# Your objective:
Every entry below should be transcribed exactly; pictures stay out of the copy.
-------------------------
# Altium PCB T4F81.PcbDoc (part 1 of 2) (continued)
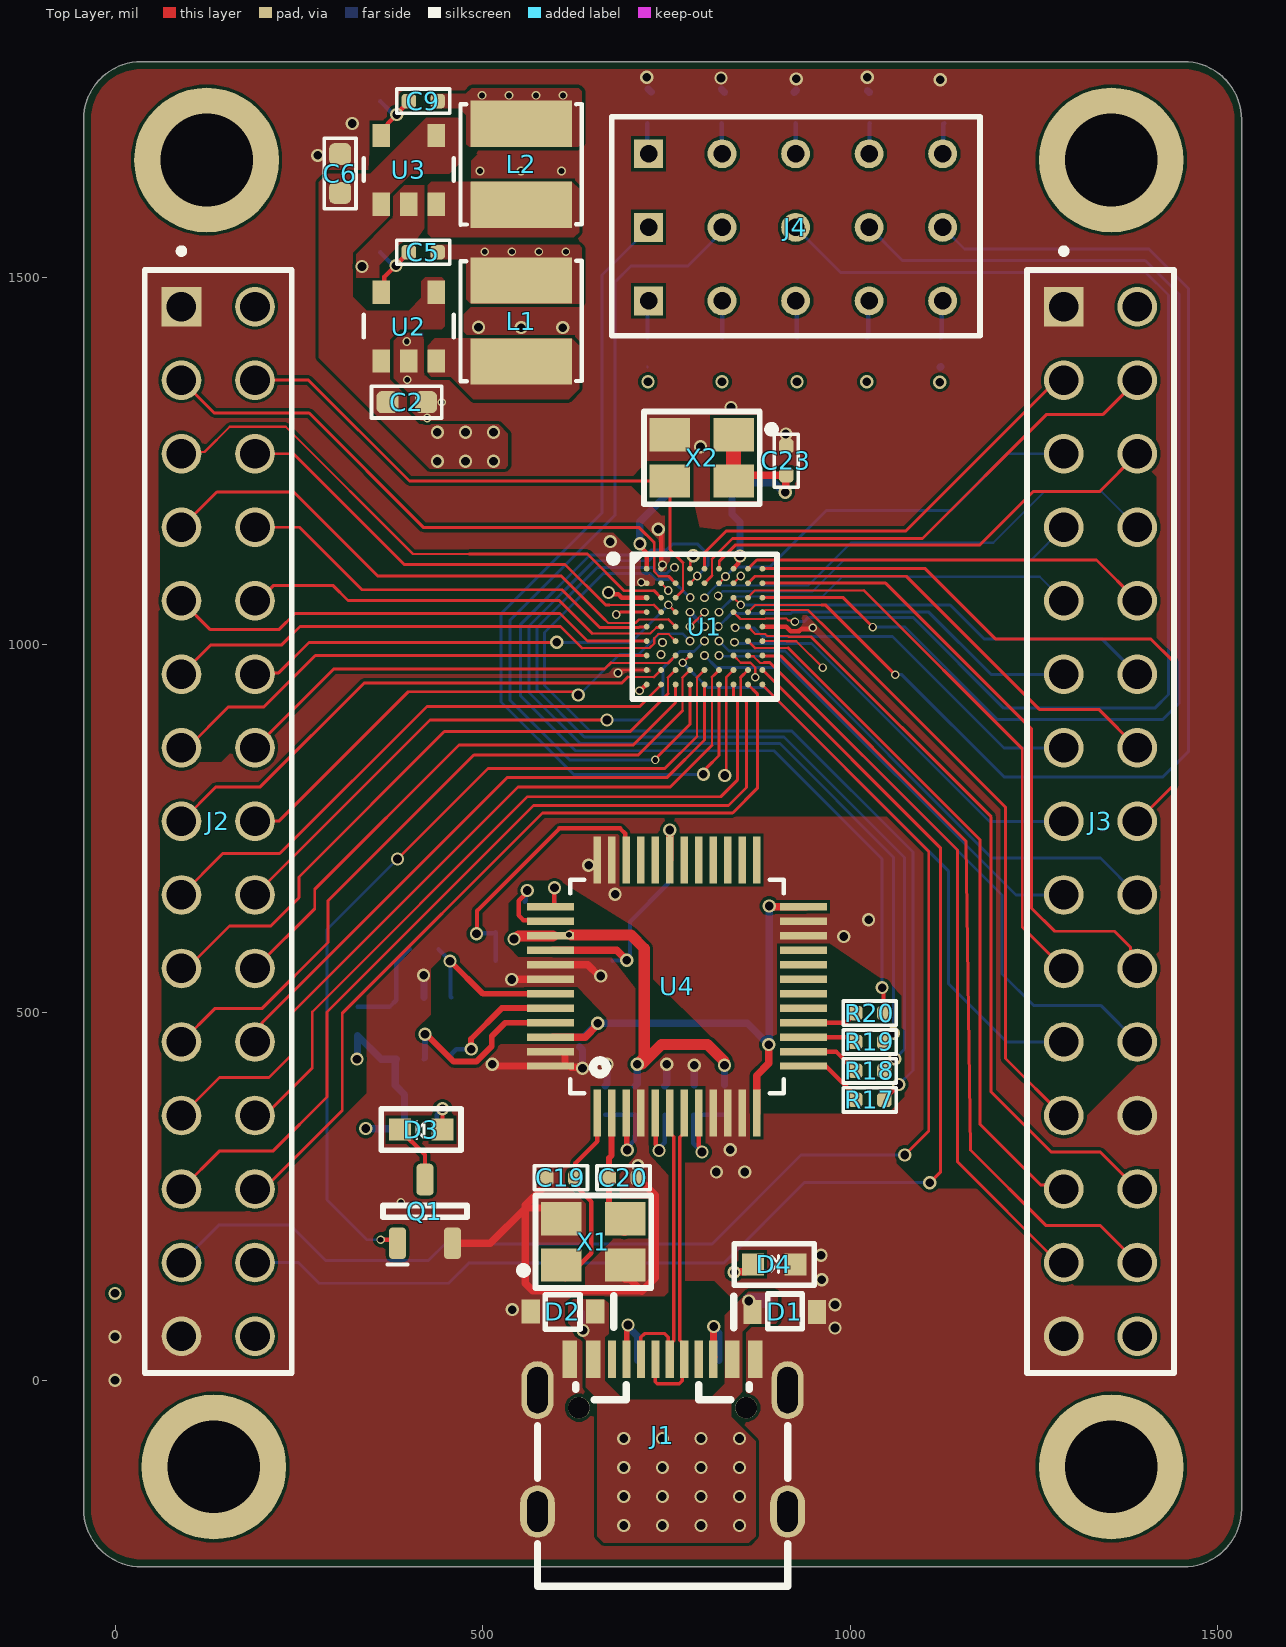
[diagram p0: Top Layer view]
## Footprints (in the part's own frame and the unit in brackets; to place one, negate y for a bottom-side part, rotate by r counter-clockwise, add the part's x,y. Pads: shape width x height; smd on the part's side, far side on the other; paste and mask are expansions set on the pad)
CAPC0402 [mm]
  rrect50% 0.5x0.5 smd: 1(-0.5,0) 2(0.5,0)
  silkscreen extent -0.92,-0.42 0.92,0.42, body extent -0.5,-0.25 0.5,0.25, height 0.42
CAPC0603 [mil]
  rrect50% 30x30 smd: 1(-26.26,0) 2(26.26,0)
  silkscreen extent -48,-22 48,22, body extent -31,-16 32,16, height 34
Crystal_3225 [mm] "3225 pack"
  rect 1.4x1.15 smd: 1(-1.1,-0.8) 2(1.1,-0.8) 3(1.1,0.8) 4(-1.1,0.8)
  silkscreen extent -2.54,-1.6 2,1.6, body extent -1.6,-1.23 1.6,1.27, height 0.6
"HEADER_5X3_2.54 - duplicate" [mm] "2.54mm Pitch"
  rect 1x1 hole 0.6: 1(-5.08,0) 6(-5.08,2.54) 11(-5.08,5.08)
  round 1 hole 0.6: 2(-2.54,0) 3(0,0) 4(2.54,0) 5(5.08,0) 7(-2.54,2.54) 8(0,2.54) 9(2.54,2.54) 10(5.08,2.54) 12(-2.54,5.08) 13(0,5.08) 14(2.54,5.08) 15(5.08,5.08)
  silkscreen extent -6.35,-1.21 6.37,6.36, body extent -6.35,-1.27 6.32,6.35, height 8
Header_15X2_2.54 [mm]
  rect 1.37x1.37 hole 1.02: 01(0,0)
  round 1.37 hole 1.02: 02(0,2.54) 03(2.54,0) 04(2.54,2.54) 05(5.08,0) 06(5.08,2.54) 07(7.62,0) 08(7.62,2.54) 09(10.16,0) 10(10.16,2.54) 11(12.7,0) 12(12.7,2.54) 13(15.24,0) 14(15.24,2.54) 15(17.78,0) 16(17.78,2.54) 17(20.32,0) 18(20.32,2.54) 19(22.86,0) 20(22.86,2.54) 21(25.4,0) 22(25.4,2.54) 23(27.94,0) 24(27.94,2.54) 25(30.48,0) 26(30.48,2.54) 27(33.02,0) 28(33.02,2.54) 29(35.56,0) 30(35.56,2.54)
  silkscreen extent -2.02,-1.27 36.83,3.81, body extent -1.27,-1.25 36.83,3.83, height 9.5
IND_4.0X4.0X2.0 [mm]
  rect 1.6x3.5 smd: 1(-1.4,0) 2(1.4,0)
  silkscreen extent -2.08,-2.1 2.08,2.1, body extent -2,-2 2,2, height 1.8
led_0603 [mil]
  rect 30x30 smd: A(-29.02,0) K(29.02,0)
  silkscreen extent -54,-28 54,28, body extent -32,-14 32,14, height 25
LQFP-48 [mil]
  rect 64x10 smd: 1(-172,108.27) 2(-172,88.58) 3(-172,68.9) 4(-172,49.21) 5(-172,29.53) 6(-172,9.84) 7(-172,-9.84) 8(-172,-29.53) 9(-172,-49.21) 10(-172,-68.9) 11(-172,-88.58) 12(-172,-108.27) 25(172,-108.27) 26(172,-88.58) 27(172,-68.9) 28(172,-49.21) 29(172,-29.53) 30(172,-9.84) 31(172,9.84) 32(172,29.53) 33(172,49.21) 34(172,68.9) 35(172,88.58) 36(172,108.27)
  rect 10x64 smd: 13(-108.27,-172) 14(-88.58,-172) 15(-68.9,-172) 16(-49.21,-172) 17(-29.53,-172) 18(-9.84,-172) 19(9.84,-172) 20(29.53,-172) 21(49.21,-172) 22(68.9,-172) 23(88.58,-172) 24(108.27,-172) 37(108.27,172) 38(88.58,172) 39(68.9,172) 40(49.21,172) 41(29.53,172) 42(9.84,172) 43(-9.84,172) 44(-29.53,172) 45(-49.21,172) 46(-68.9,172) 47(-88.58,172) 48(-108.27,172)
  silkscreen extent -145,-145 145,145, body extent -182,-182 182,182, height 60
resc0402 [mm]
  rrect50% 0.5x0.5 smd: 1(-0.5,0) 2(0.5,0)
  silkscreen extent -0.92,-0.42 0.91,0.42, body extent -0.5,-0.25 0.5,0.25, height 0.4
RESC0402 [mm]
  rrect50% 0.5x0.5 smd: 1(-0.5,0) 2(0.5,0)
  silkscreen extent -0.92,-0.42 0.91,0.42, body extent -0.5,-0.25 0.5,0.25, height 0.4
RESC0603 [mm]
  rrect50% 0.81x0.9 smd: 1(-0.695,0) 2(0.695,0)
  silkscreen extent -1.27,-0.62 1.27,0.62, body extent -0.8,-0.4 0.8,0.4, height 0.45
sod-323 [mm]
  rect 0.63x0.83 smd: 1(-1.115,0) 2(1.115,0)
  silkscreen extent -0.61,-0.61 1.75,0.58, body extent -1.25,-0.62 1.25,0.63, height 0.9
SOT23-3 [mm]
  rrect50% 0.6x1.1 smd: 1(-0.95,-1.125) 2(0.95,-1.125) 3(0,1.075)
  silkscreen extent -1.45,-1.86 1.45,0.17, body extent -1.5,-1.44 1.5,1.39, height 1.19
SOT23-5 [mm]
  rect 0.8x0.6 smd: 1(-1.25,1.026) 2(-1.25,0.076) 3(-1.25,-0.874) 4(1.123,-0.872) 5(1.123,1.028)
  silkscreen extent -0.44,-1.47 0.34,1.63, body extent -1.48,-1.42 1.37,1.58, height 1.3
SOT23-6 [mil]
  rect 46x20 smd paste+0 mask+0: 1(-42,37.4) 2(-42,0) 3(-42,-37.4) 4(42,-37.4) 5(42,0) 6(42,37.4)
  silkscreen extent -85,-65 40,65, body extent -59,-60 59,60, height 57
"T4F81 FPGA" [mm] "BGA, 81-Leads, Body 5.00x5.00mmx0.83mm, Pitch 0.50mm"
-------------------------
# Answer to this problem:
# Altium PCB T4F81.PcbDoc (part 1 of 2) (continued)
[diagram p0: Top Layer view]
## Footprints (in the part's own frame and the unit in brackets; to place one, negate y for a bottom-side part, rotate by r counter-clockwise, add the part's x,y. Pads: shape width x height; smd on the part's side, far side on the other; paste and mask are expansions set on the pad)
CAPC0402 [mm]
  rrect50% 0.5x0.5 smd: 1(-0.5,0) 2(0.5,0)
  silkscreen extent -0.92,-0.42 0.92,0.42, body extent -0.5,-0.25 0.5,0.25, height 0.42
CAPC0603 [mil]
  rrect50% 30x30 smd: 1(-26.26,0) 2(26.26,0)
  silkscreen extent -48,-22 48,22, body extent -31,-16 32,16, height 34
Crystal_3225 [mm] "3225 pack"
  rect 1.4x1.15 smd: 1(-1.1,-0.8) 2(1.1,-0.8) 3(1.1,0.8) 4(-1.1,0.8)
  silkscreen extent -2.54,-1.6 2,1.6, body extent -1.6,-1.23 1.6,1.27, height 0.6
"HEADER_5X3_2.54 - duplicate" [mm] "2.54mm Pitch"
  rect 1x1 hole 0.6: 1(-5.08,0) 6(-5.08,2.54) 11(-5.08,5.08)
  round 1 hole 0.6: 2(-2.54,0) 3(0,0) 4(2.54,0) 5(5.08,0) 7(-2.54,2.54) 8(0,2.54) 9(2.54,2.54) 10(5.08,2.54) 12(-2.54,5.08) 13(0,5.08) 14(2.54,5.08) 15(5.08,5.08)
  silkscreen extent -6.35,-1.21 6.37,6.36, body extent -6.35,-1.27 6.32,6.35, height 8
Header_15X2_2.54 [mm]
  rect 1.37x1.37 hole 1.02: 01(0,0)
  round 1.37 hole 1.02: 02(0,2.54) 03(2.54,0) 04(2.54,2.54) 05(5.08,0) 06(5.08,2.54) 07(7.62,0) 08(7.62,2.54) 09(10.16,0) 10(10.16,2.54) 11(12.7,0) 12(12.7,2.54) 13(15.24,0) 14(15.24,2.54) 15(17.78,0) 16(17.78,2.54) 17(20.32,0) 18(20.32,2.54) 19(22.86,0) 20(22.86,2.54) 21(25.4,0) 22(25.4,2.54) 23(27.94,0) 24(27.94,2.54) 25(30.48,0) 26(30.48,2.54) 27(33.02,0) 28(33.02,2.54) 29(35.56,0) 30(35.56,2.54)
  silkscreen extent -2.02,-1.27 36.83,3.81, body extent -1.27,-1.25 36.83,3.83, height 9.5
IND_4.0X4.0X2.0 [mm]
  rect 1.6x3.5 smd: 1(-1.4,0) 2(1.4,0)
  silkscreen extent -2.08,-2.1 2.08,2.1, body extent -2,-2 2,2, height 1.8
led_0603 [mil]
  rect 30x30 smd: A(-29.02,0) K(29.02,0)
  silkscreen extent -54,-28 54,28, body extent -32,-14 32,14, height 25
LQFP-48 [mil]
  rect 64x10 smd: 1(-172,108.27) 2(-172,88.58) 3(-172,68.9) 4(-172,49.21) 5(-172,29.53) 6(-172,9.84) 7(-172,-9.84) 8(-172,-29.53) 9(-172,-49.21) 10(-172,-68.9) 11(-172,-88.58) 12(-172,-108.27) 25(172,-108.27) 26(172,-88.58) 27(172,-68.9) 28(172,-49.21) 29(172,-29.53) 30(172,-9.84) 31(172,9.84) 32(172,29.53) 33(172,49.21) 34(172,68.9) 35(172,88.58) 36(172,108.27)
  rect 10x64 smd: 13(-108.27,-172) 14(-88.58,-172) 15(-68.9,-172) 16(-49.21,-172) 17(-29.53,-172) 18(-9.84,-172) 19(9.84,-172) 20(29.53,-172) 21(49.21,-172) 22(68.9,-172) 23(88.58,-172) 24(108.27,-172) 37(108.27,172) 38(88.58,172) 39(68.9,172) 40(49.21,172) 41(29.53,172) 42(9.84,172) 43(-9.84,172) 44(-29.53,172) 45(-49.21,172) 46(-68.9,172) 47(-88.58,172) 48(-108.27,172)
  silkscreen extent -145,-145 145,145, body extent -182,-182 182,182, height 60
resc0402 [mm]
  rrect50% 0.5x0.5 smd: 1(-0.5,0) 2(0.5,0)
  silkscreen extent -0.92,-0.42 0.91,0.42, body extent -0.5,-0.25 0.5,0.25, height 0.4
RESC0402 [mm]
  rrect50% 0.5x0.5 smd: 1(-0.5,0) 2(0.5,0)
  silkscreen extent -0.92,-0.42 0.91,0.42, body extent -0.5,-0.25 0.5,0.25, height 0.4
RESC0603 [mm]
  rrect50% 0.81x0.9 smd: 1(-0.695,0) 2(0.695,0)
  silkscreen extent -1.27,-0.62 1.27,0.62, body extent -0.8,-0.4 0.8,0.4, height 0.45
sod-323 [mm]
  rect 0.63x0.83 smd: 1(-1.115,0) 2(1.115,0)
  silkscreen extent -0.61,-0.61 1.75,0.58, body extent -1.25,-0.62 1.25,0.63, height 0.9
SOT23-3 [mm]
  rrect50% 0.6x1.1 smd: 1(-0.95,-1.125) 2(0.95,-1.125) 3(0,1.075)
  silkscreen extent -1.45,-1.86 1.45,0.17, body extent -1.5,-1.44 1.5,1.39, height 1.19
SOT23-5 [mm]
  rect 0.8x0.6 smd: 1(-1.25,1.026) 2(-1.25,0.076) 3(-1.25,-0.874) 4(1.123,-0.872) 5(1.123,1.028)
  silkscreen extent -0.44,-1.47 0.34,1.63, body extent -1.48,-1.42 1.37,1.58, height 1.3
SOT23-6 [mil]
  rect 46x20 smd paste+0 mask+0: 1(-42,37.4) 2(-42,0) 3(-42,-37.4) 4(42,-37.4) 5(42,0) 6(42,37.4)
  silkscreen extent -85,-65 40,65, body extent -59,-60 59,60, height 57
"T4F81 FPGA" [mm] "BGA, 81-Leads, Body 5.00x5.00mmx0.83mm, Pitch 0.50mm"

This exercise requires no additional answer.